_Dataset records_

□ □ □

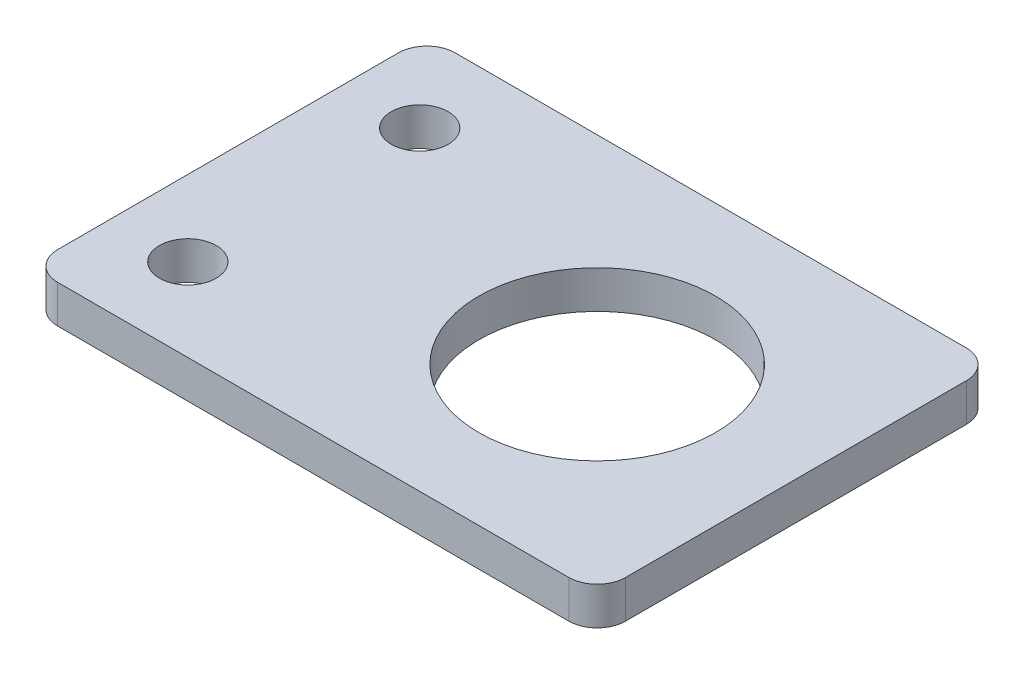
from build123d import *

# Parameters (mm, degrees)
SKETCH1_W           = 60
SKETCH1_H           = 42
SKETCH1_R           = 12.5
SKETCH1_R_2         = 3
BOSS_EXTRUDE1_DEPTH = 4
FILLET2_R           = 3


with BuildPart() as part:
    # Sketch1 → Boss-Extrude1 (new body)
    with BuildSketch(Plane(origin=(0, 0, 0), x_dir=(1, 0, 0), z_dir=(0, 1, 0))):
        Rectangle(SKETCH1_W, SKETCH1_H)
        with Locations((9, 0)):
            Circle(SKETCH1_R, mode=Mode.SUBTRACT)
        with Locations((-22, 12.25)):
            Circle(SKETCH1_R_2, mode=Mode.SUBTRACT)
        with Locations((-22, -12.25)):
            Circle(SKETCH1_R_2, mode=Mode.SUBTRACT)
    extrude(amount=BOSS_EXTRUDE1_DEPTH)

    # Fillet2
    fillet2_edges = [part.edges().sort_by_distance(p)[0] for p in [
        (30, 2, 21),
        (-30, 2, 21),
        (-30, 2, -21),
        (30, 2, -21),
    ]]
    fillet(fillet2_edges, radius=FILLET2_R)


solid = part.part

□ □ □

The task calls for every line of the data to be returned exactly, without pictures.

from build123d import *

# Parameters (mm, degrees)
SKETCH1_W           = 60
SKETCH1_H           = 42
SKETCH1_R           = 12.5
SKETCH1_R_2         = 3
BOSS_EXTRUDE1_DEPTH = 4
FILLET2_R           = 3


with BuildPart() as part:
    # Sketch1 → Boss-Extrude1 (new body)
    with BuildSketch(Plane(origin=(0, 0, 0), x_dir=(1, 0, 0), z_dir=(0, 1, 0))):
        Rectangle(SKETCH1_W, SKETCH1_H)
        with Locations((9, 0)):
            Circle(SKETCH1_R, mode=Mode.SUBTRACT)
        with Locations((-22, 12.25)):
            Circle(SKETCH1_R_2, mode=Mode.SUBTRACT)
        with Locations((-22, -12.25)):
            Circle(SKETCH1_R_2, mode=Mode.SUBTRACT)
    extrude(amount=BOSS_EXTRUDE1_DEPTH)

    # Fillet2
    fillet2_edges = [part.edges().sort_by_distance(p)[0] for p in [
        (30, 2, 21),
        (-30, 2, 21),
        (-30, 2, -21),
        (30, 2, -21),
    ]]
    fillet(fillet2_edges, radius=FILLET2_R)


solid = part.part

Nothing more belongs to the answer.